You are correct: the comment in Bochs BIOS is slightly misleading here. It is my guess they had a similar problem with big segments (so-called unreal mode) which caused some overflow or something: so they implemented that "fix", which is also curing our problem with mis-aligned base (and appears a Good Move, IMHO.)
On return to real mode, the segment base should have been reloaded..
No: it is well known (and used here and there) that on return from PM to RM, the segment caches are not cleared; and I believe it is even documented in Intel manuals that it is up to the application programmer to reload the segments.

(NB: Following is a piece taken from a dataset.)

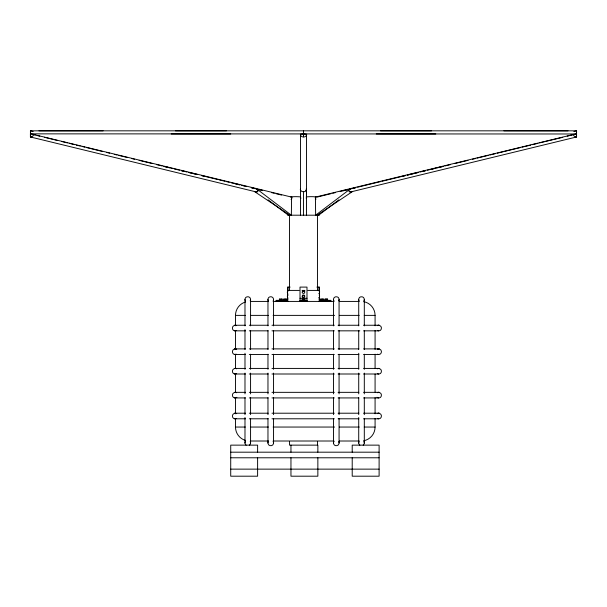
<?xml version="1.0" encoding="UTF-8"?>
<svg xmlns="http://www.w3.org/2000/svg" width="607" height="607" viewBox="0 0 607 607"><rect width="100%" height="100%" fill="white"/><g stroke="black" fill="none" stroke-linecap="round" stroke-linejoin="round"><path stroke-width="0.91" d="M257.065 189.331L256.116 188.466L291.352 215.197L291.603 197.1L31.632 134.003A23.984 20.775 89.9 0 1 30.828 133.859L30.433 133.859L30.426 136.977L257.087 192.131M279.508 301.057L279.508 300.359M285.685 300.359A2.094 1.813 -90 0 0 287.498 298.265L287.498 287.096L290.116 287.096M288.105 290.814L288.105 287.096M300.01 301.057L300.01 300.359L306.99 300.359L306.99 301.057L300.01 301.057L300.01 287.096L306.99 287.096L306.99 301.042M300.488 215.197L300.526 134.238L302.301 134.003A23.984 20.775 89.9 0 0 303.105 133.859L303.887 133.859A24.864 21.495 87.3 0 0 304.714 134.018L306.52 134.284L306.512 197.1A15.433 3.187 -0.7 0 0 306.133 197.093M303.5 215.197L303.5 191.463L304.926 191.713L306.133 190.477M327.492 301.057L327.492 300.359M575.451 136.856A2.997 2.595 90 0 0 576.544 136.856L576.567 130.831L30.433 130.831L30.623 133.935M576.559 134.375L576.567 130.831L573.865 131.484M30.433 134.306L30.426 134.435M30.433 133.859L576.567 133.98L576.172 133.859A24.864 21.556 87.3 0 1 575.353 134.018L315.39 197.1L315.648 215.197L350.876 188.466M287.801 293.447L287.346 292.384L287.566 291.064L288.257 290.791M287.346 292.399L287.566 291.079M30.433 134.966L30.54 134.708A5.759 4.985 90 0 0 30.828 133.859M30.487 134.837L30.517 134.777A5.63 4.818 -89 0 0 30.646 134.443M303.5 136.97L303.583 134.777A5.63 4.924 88.9 0 0 303.895 133.859M348.904 190.477C348.266 192.434 351.559 191.713 352.637 191.463L317.15 215.197M359.041 441.684L358.828 442.215A5.493 3.885 0 0 0 358.813 443.687L359.86 445.234M250.19 300.852L250.479 300.154A5.493 3.885 0 0 0 250.479 298.743C250.084 296.079 245.494 296.064 245.084 298.72A5.493 3.885 0 0 0 245.076 300.154L245.532 301.11M273.173 300.852L273.461 300.154A5.493 3.885 0 0 0 273.461 298.743C272.953 296.004 268.484 296.102 268.066 298.72A5.493 3.885 0 0 0 268.059 300.154L268.605 301.216M338.691 300.852L338.979 300.154A5.493 3.885 0 0 0 338.979 298.743C338.615 296.072 333.918 296.095 333.584 298.72A5.493 3.885 0 0 0 333.577 300.154L334.154 301.254M363.927 300.852L364.215 300.154A5.493 3.885 0 0 0 364.208 298.743C363.851 296.072 359.154 296.095 358.813 298.72A5.493 3.885 0 0 0 358.813 300.154L359.041 300.746M245.532 441.319L245.091 442.215A5.493 3.885 0 0 0 245.076 443.687L246.123 445.234M268.605 441.206L268.074 442.215A5.493 3.885 0 0 0 268.059 443.687C268.598 446.395 272.915 446.395 273.461 443.687A5.493 3.885 0 0 0 273.461 442.275L273.173 441.577M334.154 441.175L333.592 442.215A5.493 3.885 0 0 0 333.577 443.687C334.123 446.395 338.433 446.395 338.979 443.687A5.493 3.885 0 0 0 338.979 442.275L338.698 441.6M236.889 397.319L235.903 397.828A5.493 3.885 -90 0 1 234.446 397.835C232.398 397.797 231.115 393.609 234.446 392.433A5.493 3.885 90 0 1 235.835 392.433L236.578 392.737M249.469 445.204L250.479 443.687A5.493 3.885 0 0 0 250.479 442.275L250.205 441.6M363.198 445.204L364.215 443.687A5.493 3.885 0 0 0 364.208 442.275L363.897 441.539M318.66 215.197L338.896 199.84M377.144 413.678L377.986 413.299A5.493 3.885 -90 0 1 379.398 413.299C382.676 414.399 381.484 418.655 379.421 418.693A5.493 3.885 -90 0 1 377.986 418.701L377.516 418.534M377.19 349.329L377.986 348.979A5.493 3.885 -90 0 1 379.398 348.979C382.706 350.118 381.462 354.329 379.421 354.374A5.493 3.885 -90 0 1 377.986 354.382L377.471 354.192M236.601 373.601L235.903 373.904A5.493 3.885 90 0 1 234.446 373.912C232.39 373.897 231.138 369.633 234.446 368.51A5.493 3.885 90 0 1 235.835 368.51L236.578 368.813M377.243 325.656L377.986 325.344A5.493 3.885 -90 0 1 379.398 325.344C382.706 326.483 381.454 330.694 379.421 330.739A5.493 3.885 -90 0 1 377.986 330.747L377.41 330.527M377.266 368.813L377.986 368.51A5.493 3.885 -90 0 1 379.398 368.517C382.706 369.655 381.469 373.866 379.421 373.912A5.493 3.885 -90 0 1 377.986 373.912L377.288 373.624M377.266 392.737L377.986 392.433A5.493 3.885 -90 0 1 379.398 392.433C382.676 393.533 381.484 397.79 379.421 397.835A5.493 3.885 -90 0 1 377.986 397.835L376.917 397.289M303.538 191.486L302.081 191.683L300.92 190.53M236.434 330.527L235.903 330.732A5.493 3.885 90 0 1 234.446 330.747C232.39 330.754 231.138 326.452 234.446 325.344A5.493 3.885 90 0 1 235.835 325.337L236.601 325.656M236.373 354.192L235.903 354.367A5.493 3.885 -90 0 1 234.446 354.382C232.352 354.344 231.176 350.049 234.446 348.979A5.493 3.885 90 0 1 235.835 348.972M236.328 418.534L235.903 418.693A5.493 3.885 90 0 1 234.446 418.701C232.398 418.663 231.115 414.475 234.446 413.299A5.493 3.885 90 0 1 235.835 413.299L236.7 413.678M256.086 191.713L254.363 191.463L289.843 215.197M318.736 293.447L319.419 293.181L319.639 291.853L319.183 290.806M318.736 297.605L319.419 297.331L319.639 296.004L319.183 294.956M288.257 294.956L287.566 295.23L287.346 296.55L287.801 297.605M576.369 133.935L576.559 134.64M352.637 191.463L350.952 191.683M352.06 188.572L355.649 187.7M342.917 190.81L348.41 189.467M402.889 176.197L405.582 175.537M407.373 175.104L418.261 172.456M421.926 171.569L425.583 170.681M430.151 169.573L436.304 168.078M437.184 167.866L442.799 166.5M317.15 197.078L330.952 193.694M332.773 193.269L335.55 192.571M340.155 191.455L348.433 189.445M350.239 189.012L355.793 187.654M357.629 187.206L380.627 181.614M381.962 181.288L405.468 175.575M407.229 175.135L418.344 172.449M420.097 171.993L425.613 170.65M427.449 170.203L430.302 169.543M432.047 169.087L435.826 168.2M437.564 167.744L443.186 166.409M444.916 165.954L450.538 164.618M455.03 163.488L468.02 160.369M472.496 159.231L475.38 158.579M477.087 158.116L488.119 155.43M489.955 154.982L495.471 153.639M497.315 153.184L520.29 147.592M522.134 147.144L530.594 145.156M532.24 144.678L537.931 143.373M539.593 142.888L562.772 137.334M567.173 136.173L573.607 134.602M349.905 192.131L576.567 136.97L576.559 134.777M255.828 191.759C252.019 190.901 258.954 192.98 258.036 190.53M38.985 130.831L103.114 130.809M175.469 130.831L226.479 130.809M380.521 130.809L431.531 130.831M503.886 130.809L568.015 130.831M171.22 133.98L230.736 133.965M376.264 133.965L435.78 133.98M287.733 215.197L319.267 215.197M316.884 287.096L319.502 287.096L319.502 298.265A2.094 1.813 -90 0 0 321.315 300.359M287.741 290.412L299.168 290.412M302.089 290.412L304.919 290.412M307.84 290.412L319.267 290.412M287.498 298.265L287.938 298.265M300.01 298.265L306.99 298.265M319.062 298.265L319.502 298.265M287.43 300.359L276.018 300.359L276.018 301.057L288.302 301.057M319.57 300.359L330.982 300.359L330.982 301.057L318.698 301.057M250.395 301.421L268.377 301.421M273.112 301.421L333.675 301.421M339.359 301.421L359.23 301.421M235.493 325.792L235.493 315.382L245.334 315.382M250.395 315.382L268.377 315.382M273.112 315.382L334.624 315.382M339.359 315.382L359.23 315.382M364.23 315.382L375.08 315.382L375.08 325.792M235.152 325.253L245.539 325.253M249.318 325.253L268.203 325.253M271.982 325.253L334.305 325.253M338.084 325.253L358.858 325.253M363.585 325.253L378.692 325.253M235.152 330.838L245.539 330.838M249.318 330.838L268.203 330.838M271.982 330.838L334.305 330.838M338.084 330.838L359.807 330.838M363.585 330.838L378.692 330.838M235.152 348.888L245.539 348.888M249.318 348.888L268.203 348.888M271.982 348.888L334.305 348.888M338.084 348.888L358.858 348.888M363.585 348.888L378.692 348.888M235.152 354.473L245.539 354.473M249.318 354.473L268.203 354.473M271.982 354.473L334.305 354.473M338.084 354.473L358.858 354.473M363.585 354.473L378.692 354.473M235.152 368.419L245.539 368.419M249.318 368.419L268.203 368.419M271.982 368.419L334.305 368.419M338.084 368.419L358.858 368.419M363.585 368.419L378.692 368.419M235.152 374.003L245.539 374.003M249.318 374.003L268.203 374.003M271.982 374.003L334.305 374.003M338.084 374.003L359.807 374.003M363.585 374.003L378.692 374.003M235.152 392.342L245.539 392.342M249.318 392.342L268.203 392.342M271.982 392.342L334.305 392.342M338.084 392.342L358.858 392.342M363.585 392.342L378.692 392.342M235.152 397.926L245.539 397.926M249.318 397.926L268.203 397.926M271.982 397.926L334.305 397.926M338.084 397.926L358.858 397.926M363.585 397.926L378.692 397.926M235.152 413.208L245.539 413.208M249.318 413.208L268.203 413.208M271.982 413.208L334.305 413.208M338.084 413.208L358.858 413.208M363.585 413.208L378.692 413.208M235.152 418.792L245.539 418.792M249.318 418.792L268.203 418.792M271.982 418.792L334.305 418.792M338.084 418.792L358.858 418.792M363.585 418.792L378.692 418.792M235.493 418.534L235.493 427.047L245.334 427.047M250.395 427.047L268.377 427.047M273.112 427.047L334.624 427.047M339.359 427.047L359.23 427.047M364.23 427.047L375.08 427.047L375.08 418.534M250.395 441.008L268.377 441.008M273.112 441.008L333.675 441.008M339.359 441.008L359.23 441.008M230.721 452.185L379.109 452.185M230.721 457.784L379.109 457.784M230.721 469.135L379.109 469.135M33.135 131.484L30.433 130.831L30.433 136.416M164.201 166.5L169.816 167.866M170.696 168.078L172.456 168.503M174.217 168.936L176.849 169.573M181.417 170.681L185.074 171.569M196.934 174.452L188.739 172.456L197.002 174.459M201.418 175.537L204.111 176.197M33.377 134.602L35.214 135.05M37.057 135.498L39.812 136.173M44.41 137.288L57.278 140.422M61.876 141.545L67.392 142.888M69.228 143.335L74.744 144.678M76.406 145.156L80.261 146.021M82.097 146.469L84.859 147.144M86.695 147.592L102.545 151.515M106.915 152.516L109.677 153.184M114.26 154.36L117.03 154.982M118.866 155.43L127.144 157.441M131.734 158.564L134.496 159.231M139.094 160.354L151.962 163.488M156.553 164.611L162.069 165.954M163.913 166.401L169.429 167.744M176.781 169.535L179.535 170.203M181.379 170.65L186.888 171.993M201.6 175.582L217.223 179.384M219.066 179.831L225.038 181.288M226.419 181.622L229.173 182.297M231.214 182.79L239.287 184.763M243.885 185.879L246.639 186.554M251.237 187.669L256.753 189.012M258.59 189.46L262.27 190.355L258.59 189.467M271.458 192.594L274.22 193.269M276.056 193.716L281.572 195.059M235.622 183.86L239.932 184.915M241.662 185.332L244.242 185.962M251.351 187.7L254.94 188.572M234.431 330.739L234.446 330.747A5.493 3.885 -90 0 0 235.857 330.747M234.431 354.374L234.446 354.382A5.493 3.885 90 0 0 235.835 354.382M234.431 373.912L234.446 373.912A5.493 3.885 -90 0 0 235.857 373.912M234.431 397.835L234.446 397.835A5.493 3.885 90 0 0 235.622 397.889M234.431 418.693L234.446 418.701A5.493 3.885 -90 0 0 235.857 418.701M236.662 349.329L235.903 348.987A5.493 3.885 -90 0 0 234.446 348.979M268.097 199.84L288.34 215.197M576.346 134.443A5.759 4.985 -90 0 0 576.453 134.708L576.567 134.966M576.536 134.906L576.483 134.777A5.63 4.818 89 0 1 576.164 133.859M303.5 134.966L303.394 134.708A5.759 4.985 90 0 1 303.098 133.859M315.678 198.641L315.541 198.246A2.929 1.829 89.1 0 1 315.443 197.541L315.39 197.1A15.433 1.745 -10 0 1 315.974 197.085M300.571 189.331L300.488 188.466M315.412 197.548L315.39 197.1M33.575 134.261A2.997 2.595 -90 0 1 30.449 136.856L30.426 136.143M375.08 330.519L375.08 349.45M375.08 354.177L375.08 368.373M375.08 374.056L375.08 392.031M375.08 397.714L375.08 413.799M364.306 299.448L364.306 325.883M364.306 330.61L364.306 349.495M364.306 354.215L364.306 369.322M364.306 373.1L364.306 393.875M364.306 397.653L364.306 414.649M364.306 418.428L364.306 442.981M358.722 299.448L358.722 325.883M358.722 330.61L358.722 349.495M358.722 353.274L358.722 369.322M358.722 373.1L358.722 393.875M358.722 397.653L358.722 414.649M358.722 417.487L358.722 442.981M352.212 452.185L352.212 445.136L379.109 445.136L379.109 476.192L352.212 476.192L352.212 457.784M339.07 299.448L339.07 325.883M339.07 330.61L339.07 349.495M339.07 354.215L339.07 369.322M339.07 373.1L339.07 393.875M339.07 397.653L339.07 414.649M339.07 418.428L339.07 442.981M333.486 299.448L333.486 325.883M333.486 330.61L333.486 349.495M333.486 354.215L333.486 369.322M333.486 373.1L333.486 393.875M333.486 397.653L333.486 414.649M333.486 418.428L333.486 442.981M326.672 299.046L326.672 300.442M325.306 299.046L325.306 300.442M322.423 299.046L322.423 300.442M321.057 299.046L321.057 300.442M318.895 287.096L318.895 290.814M317.856 452.185L317.856 445.136L289.539 445.136L289.539 441.441M317.856 457.784L317.856 476.192L290.958 476.192L290.958 457.784M317.453 215.629L317.453 290.358M317.453 441.441L317.453 445.136M306.512 188.466L306.512 215.197M304.411 299.046L304.411 300.442M303.932 299.046L303.932 300.442M303.5 130.831L303.5 133.98M303.037 299.046L303.037 300.442M302.567 299.046L302.567 300.442M290.958 445.136L290.958 452.185M289.539 215.629L289.539 290.358M285.457 299.046L285.457 300.442M284.091 299.046L284.091 300.442M281.208 299.046L281.208 300.442M279.842 299.046L279.842 300.442M273.552 299.448L273.552 325.883M273.552 330.61L273.552 349.495M273.552 354.215L273.552 369.322M273.552 373.1L273.552 393.875M273.552 397.653L273.552 414.649M273.552 418.428L273.552 442.981M267.968 299.448L267.968 325.883M267.968 330.61L267.968 349.495M267.968 354.215L267.968 369.322M267.968 373.1L267.968 393.875M267.968 397.653L267.968 414.649M267.968 418.428L267.968 442.981M257.611 452.185L257.611 445.136L230.721 445.136L230.721 476.192L257.611 476.192L257.611 457.784M250.57 299.448L250.57 325.883M250.57 330.61L250.57 349.495M250.57 354.215L250.57 369.322M250.57 373.1L250.57 393.875M250.57 397.653L250.57 414.649M250.57 418.428L250.57 442.981M244.985 299.448L244.985 325.883M244.985 329.662L244.985 349.495M244.985 353.274L244.985 369.322M244.985 373.1L244.985 393.875M244.985 397.653L244.985 414.649M244.985 417.487L244.985 442.981M235.493 330.519L235.493 349.45M235.493 354.177L235.493 368.373M235.493 374.056L235.493 392.031M235.493 397.714L235.493 413.799M303.212 297.013A0.782 0.782 0 0 1 302.749 296.542M303.834 295.579A0.782 0.782 0 0 1 304.19 295.943M302.817 291.663A0.782 0.782 0 0 1 303.227 291.337M303.834 291.368A0.782 0.782 0 0 1 304.153 291.663M321.315 301.057A2.792 2.42 -90 0 1 318.986 299.031M245.607 440.47A13.961 13.961 0 0 1 235.493 427.047M235.493 315.382A13.961 13.961 0 0 1 245.607 301.96M363.661 301.656A13.961 13.961 0 0 1 375.08 315.382M375.08 427.047A13.961 13.961 0 0 1 363.661 440.773M377.986 368.517A5.493 3.885 90 0 1 379.398 368.517M234.446 368.517A5.493 3.885 -90 0 1 235.857 368.517M377.986 325.344A5.493 3.885 90 0 1 379.398 325.344M234.446 325.344A5.493 3.885 -90 0 1 235.857 325.344M377.986 348.979A5.493 3.885 90 0 1 379.398 348.979M378.009 392.433A5.493 3.885 90 0 1 379.398 392.433M234.446 392.433A5.493 3.885 -90 0 1 235.857 392.433M377.986 413.299A5.493 3.885 90 0 1 379.398 413.299M234.446 413.299A5.493 3.885 -90 0 1 235.857 413.299M288.014 299.031A2.792 2.42 -90 0 1 285.685 301.057M290.965 196.949A16.154 3.422 7.3 0 1 300.382 196.865M306.618 196.865A16.154 3.422 -7.3 0 1 316.035 196.949M306.603 197.1A3.096 2.982 -5.1 0 1 306.232 198.39M300.359 134.261A2.997 2.595 -90 0 0 303.477 136.856A3.012 2.61 90 0 0 306.694 134.306M315.974 199.202A2.929 1.684 86.4 0 1 315.784 198.876M576.536 136.856A3.012 2.603 90 0 1 573.372 134.306M290.973 197.047A15.425 1.904 9.7 0 1 291.565 197.055M291.944 197.047A2.989 1.988 -90 0 1 291.094 199.574M31.549 136.871A3.012 2.603 -90 0 1 30.456 136.856M306.323 188.716A9.158 3.794 -46.2 0 1 305.951 190.56M300.526 190.386A6.442 3.027 38.7 0 1 300.351 189.202M348.752 190.408A9.158 7.109 -2.7 0 1 350.649 188.519M256.852 189.467A6.442 4.59 10.8 0 1 257.892 190.575M302.567 291.079L302.119 292.399L303.037 293.447L304.411 293.181L304.858 291.853L303.932 290.806L302.567 291.079M302.567 295.23L302.119 296.55L303.037 297.605L304.411 297.331L304.858 296.004L303.932 294.956L302.567 295.23M282.134 299.046L279.395 299.046L279.395 300.442L282.134 300.442L282.134 299.046M286.383 299.046L283.644 299.046L283.644 300.442L286.383 300.442L286.383 299.046M304.858 299.046L302.119 299.046L302.119 300.442L304.858 300.442L304.858 299.046M323.341 299.046L320.602 299.046L320.602 300.442L323.341 300.442L323.341 299.046M327.598 299.046L324.859 299.046L324.859 300.442L327.598 300.442L327.598 299.046M300.571 197.063A2.989 2.929 -89.9 0 0 300.829 198.345A3.043 2.982 -89.9 0 1 300.533 197.1"/></g></svg>

Now, what we are making here is to reload _before_ the mode change, because kvm is unable to "reload" the CPU segment caches with the adequate values.
Antoine
On 03/16/2010 01:31 PM, Antoine Leca wrote:
(qemu) info registers SS =9492 00094920 0000ffff 0000f300 DS =97ce 00097cec 0000ffff 0000f300
A ds.base of 0x97cec cannot be translated to a real mode segment.
However, it's not clear why it would make a difference.
Because when you return to real mode, if you do not clean up DS (and ES) beforehand, you end up with the previous (cached) bases and limits, the ones used for the move; the problem occurs with KVM (hardware virtualization) on Intel VT, because on that platform real mode is not really possible, so it is faked... and they have no good way to fake a mis-aligned segment (not present segment is not available in V8086, for example.)
Correct. To be clear, I regard this as a kvm bug, however fixing it will take a while, so I would appreciate a workaround in seabios.